There was a wealth of emotion conveyed in the simplest touch of his mouth. His breath came in ragged spurts
from his chest and for the first time she realized how much he’d feared her rejection.
She wasn’t a huge believer in karma but now she wondered if this was his penance. To feel as she had felt so many months before.
But that thought brought her no satisfaction either. She wouldn’t wish that feeling on anyone.
He drew away and brushed the hair from her cheek and continued to stroke the contours of her face.
“Spend the afternoon with me, Kell. You need to eat. I’ll order us food and we can go eat on the beach. Watch the sun go down. I had Jansen pack a bathing suit for you if you’d like to go in the water.”
She reached for the hand that rested against her cheek and curled her fingers around it, holding it there for a long moment.
“I’d like that,” she finally said.
She and Ryan strolled to the same umbrella she’d used for her nap earlier that morning and he spread out a blanket on the sand. After he was satisfied she would have a comfortable seat, he helped her down and then began unpacking the picnic basket prepared by the restaurant.

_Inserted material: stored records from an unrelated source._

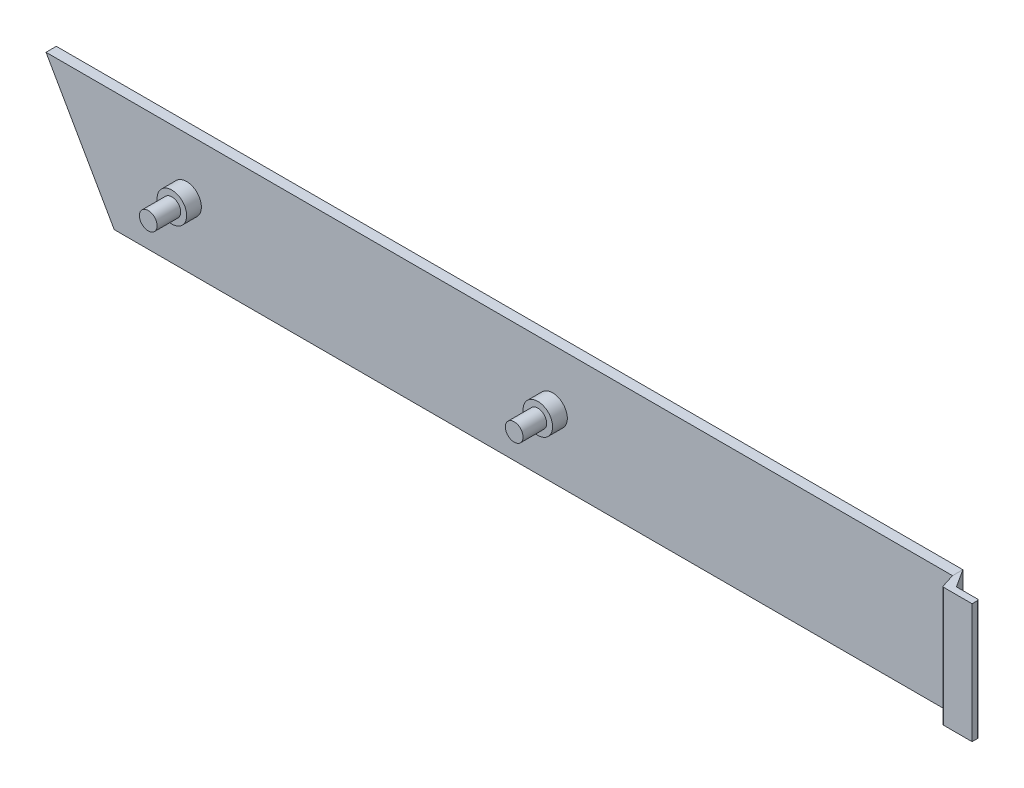
ISO-10303-21;
HEADER;
FILE_DESCRIPTION(('STEP AP214'),'2;1');
FILE_NAME('part.step','',(''),(''),'','','');
FILE_SCHEMA(('AUTOMOTIVE_DESIGN { 1 0 10303 214 1 1 1 1 }'));
ENDSEC;
DATA;
#1=APPLICATION_CONTEXT('core data for automotive mechanical design processes');
#2=APPLICATION_PROTOCOL_DEFINITION('international standard','automotive_design',2000,#1);
#3=PRODUCT_CONTEXT('',#1,'mechanical');
#4=PRODUCT('Part','Part','',(#3));
#5=PRODUCT_RELATED_PRODUCT_CATEGORY('part','',(#4));
#6=PRODUCT_DEFINITION_FORMATION('','',#4);
#7=PRODUCT_DEFINITION_CONTEXT('part definition',#1,'design');
#8=PRODUCT_DEFINITION('design','',#6,#7);
#9=PRODUCT_DEFINITION_SHAPE('','',#8);
#10=(LENGTH_UNIT() NAMED_UNIT(*) SI_UNIT(.MILLI.,.METRE.));
#11=(NAMED_UNIT(*) PLANE_ANGLE_UNIT() SI_UNIT($,.RADIAN.));
#12=(NAMED_UNIT(*) SI_UNIT($,.STERADIAN.) SOLID_ANGLE_UNIT());
#13=UNCERTAINTY_MEASURE_WITH_UNIT(LENGTH_MEASURE(1.E-05),#10,'distance_accuracy_value','');
#14=(GEOMETRIC_REPRESENTATION_CONTEXT(3) GLOBAL_UNCERTAINTY_ASSIGNED_CONTEXT((#13)) GLOBAL_UNIT_ASSIGNED_CONTEXT((#10,
#11,#12)) REPRESENTATION_CONTEXT('',''));
#15=CARTESIAN_POINT('',(0.,0.,0.));
#16=DIRECTION('',(0.,0.,1.));
#17=DIRECTION('',(1.,0.,0.));
#18=AXIS2_PLACEMENT_3D('',#15,#16,#17);
#19=CARTESIAN_POINT('',(0.,0.,0.));
#20=DIRECTION('',(0.,1.,0.));
#21=DIRECTION('',(0.,0.,1.));
#22=AXIS2_PLACEMENT_3D('',#19,#20,#21);
#23=PLANE('',#22);
#24=DIRECTION('',(-1.,0.,0.));
#25=VECTOR('',#24,1.);
#26=CARTESIAN_POINT('',(147.04430838964,0.,6.12592708642393));
#27=LINE('',#26,#25);
#28=CARTESIAN_POINT('',(146.54430838964,0.,6.12592708642393));
#29=VERTEX_POINT('',#28);
#30=CARTESIAN_POINT('',(139.715688943178,0.,6.12592708642393));
#31=VERTEX_POINT('',#30);
#32=EDGE_CURVE('E159',#29,#31,#27,.T.);
#33=ORIENTED_EDGE('',*,*,#32,.F.);
#34=CARTESIAN_POINT('',(146.54430838964,0.,6.62592708642393));
#35=DIRECTION('',(0.,1.,0.));
#36=DIRECTION('',(0.,0.,1.));
#37=AXIS2_PLACEMENT_3D('',#34,#35,#36);
#38=CIRCLE('',#37,0.5);
#39=CARTESIAN_POINT('',(147.04430838964,0.,6.62592708642393));
#40=VERTEX_POINT('',#39);
#41=EDGE_CURVE('E175',#29,#40,#38,.F.);
#42=ORIENTED_EDGE('',*,*,#41,.T.);
#43=DIRECTION('',(0.,0.,-1.));
#44=VECTOR('',#43,1.);
#45=CARTESIAN_POINT('',(147.04430838964,0.,8.42851835154063));
#46=LINE('',#45,#44);
#47=CARTESIAN_POINT('',(147.04430838964,0.,8.42851835154063));
#48=VERTEX_POINT('',#47);
#49=EDGE_CURVE('E156',#48,#40,#46,.T.);
#50=ORIENTED_EDGE('',*,*,#49,.F.);
#51=DIRECTION('',(1.,0.,0.));
#52=VECTOR('',#51,1.);
#53=CARTESIAN_POINT('',(137.04430838964,0.,8.42851835154063));
#54=LINE('',#53,#52);
#55=CARTESIAN_POINT('',(137.411704059277,0.,8.42851835154063));
#56=VERTEX_POINT('',#55);
#57=EDGE_CURVE('E144',#56,#48,#54,.T.);
#58=ORIENTED_EDGE('',*,*,#57,.F.);
#59=CARTESIAN_POINT('',(137.411704059277,0.,7.92851835154063));
#60=DIRECTION('',(0.,1.,0.));
#61=DIRECTION('',(0.,0.,1.));
#62=AXIS2_PLACEMENT_3D('',#59,#60,#61);
#63=CIRCLE('',#62,0.5);
#64=CARTESIAN_POINT('',(136.934541515382,0.,8.07790344686134));
#65=VERTEX_POINT('',#64);
#66=EDGE_CURVE('E143',#56,#65,#63,.F.);
#67=ORIENTED_EDGE('',*,*,#66,.T.);
#68=DIRECTION('',(0.298770190641397,0.,0.954325087789325));
#69=VECTOR('',#68,1.);
#70=CARTESIAN_POINT('',(135.501339032227,0.,3.5));
#71=LINE('',#70,#69);
#72=CARTESIAN_POINT('',(135.501339032227,0.,3.5));
#73=VERTEX_POINT('',#72);
#74=EDGE_CURVE('E127',#73,#65,#71,.T.);
#75=ORIENTED_EDGE('',*,*,#74,.F.);
#76=DIRECTION('',(0.,0.,1.));
#77=VECTOR('',#76,1.);
#78=CARTESIAN_POINT('',(135.501339032227,0.,3.5));
#79=LINE('',#78,#77);
#80=CARTESIAN_POINT('',(135.501339032227,0.,0.));
#81=VERTEX_POINT('',#80);
#82=EDGE_CURVE('E141',#81,#73,#79,.T.);
#83=ORIENTED_EDGE('',*,*,#82,.F.);
#84=DIRECTION('',(-0.541088390934601,0.,-0.840965726528617));
#85=VECTOR('',#84,1.);
#86=CARTESIAN_POINT('',(135.501339032227,0.,0.));
#87=LINE('',#86,#85);
#88=CARTESIAN_POINT('',(139.295206079914,0.,5.89647128189124));
#89=VERTEX_POINT('',#88);
#90=EDGE_CURVE('E162',#89,#81,#87,.T.);
#91=ORIENTED_EDGE('',*,*,#90,.F.);
#92=CARTESIAN_POINT('',(139.715688943178,0.,5.62592708642393));
#93=DIRECTION('',(0.,1.,0.));
#94=DIRECTION('',(0.,0.,1.));
#95=AXIS2_PLACEMENT_3D('',#92,#93,#94);
#96=CIRCLE('',#95,0.5);
#97=EDGE_CURVE('E61',#89,#31,#96,.T.);
#98=ORIENTED_EDGE('',*,*,#97,.T.);
#99=EDGE_LOOP('',(#33,#42,#50,#58,#67,#75,#83,#91,#98));
#100=FACE_BOUND('',#99,.T.);
#101=ADVANCED_FACE('F53',(#100),#23,.F.);
#102=CARTESIAN_POINT('',(135.501339032227,54.7722137401885,0.));
#103=DIRECTION('',(-0.840965726528617,0.,0.541088390934601));
#104=DIRECTION('',(0.541088390934601,0.,0.840965726528617));
#105=AXIS2_PLACEMENT_3D('',#102,#103,#104);
#106=PLANE('',#105);
#107=DIRECTION('',(0.541088390934601,0.,0.840965726528617));
#108=VECTOR('',#107,1.);
#109=CARTESIAN_POINT('',(135.501339032227,40.4795560731052,0.));
#110=LINE('',#109,#108);
#111=CARTESIAN_POINT('',(135.501339032227,40.4795560731052,0.));
#112=VERTEX_POINT('',#111);
#113=CARTESIAN_POINT('',(139.295206079914,40.4795560731052,5.89647128189124));
#114=VERTEX_POINT('',#113);
#115=EDGE_CURVE('E134',#112,#114,#110,.T.);
#116=ORIENTED_EDGE('',*,*,#115,.T.);
#117=DIRECTION('',(0.,-1.,0.));
#118=VECTOR('',#117,1.);
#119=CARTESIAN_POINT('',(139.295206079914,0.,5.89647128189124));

He settled beside her and they began to eat.
Kelly stared out over the water as she munched on one of the tasty little confections whose name escaped her. It had cheese and shrimp. She wasn’t sure of the other ingredients, but it was good and she was starving.
The sky had started to soften. Wispy pastel tendrils flirted across the horizon as the sun sank lower. She closed her eyes and allowed the breeze to soothe her fried nerves.
She’d expended more emotional energy over the past months than she had in a lifetime. She wanted to exist free of distress. Just for a little while. She wanted to forget the nights she’d been unable to sleep for crying or the nights she’d lain awake hurting so much that she’d wondered if it would ever stop.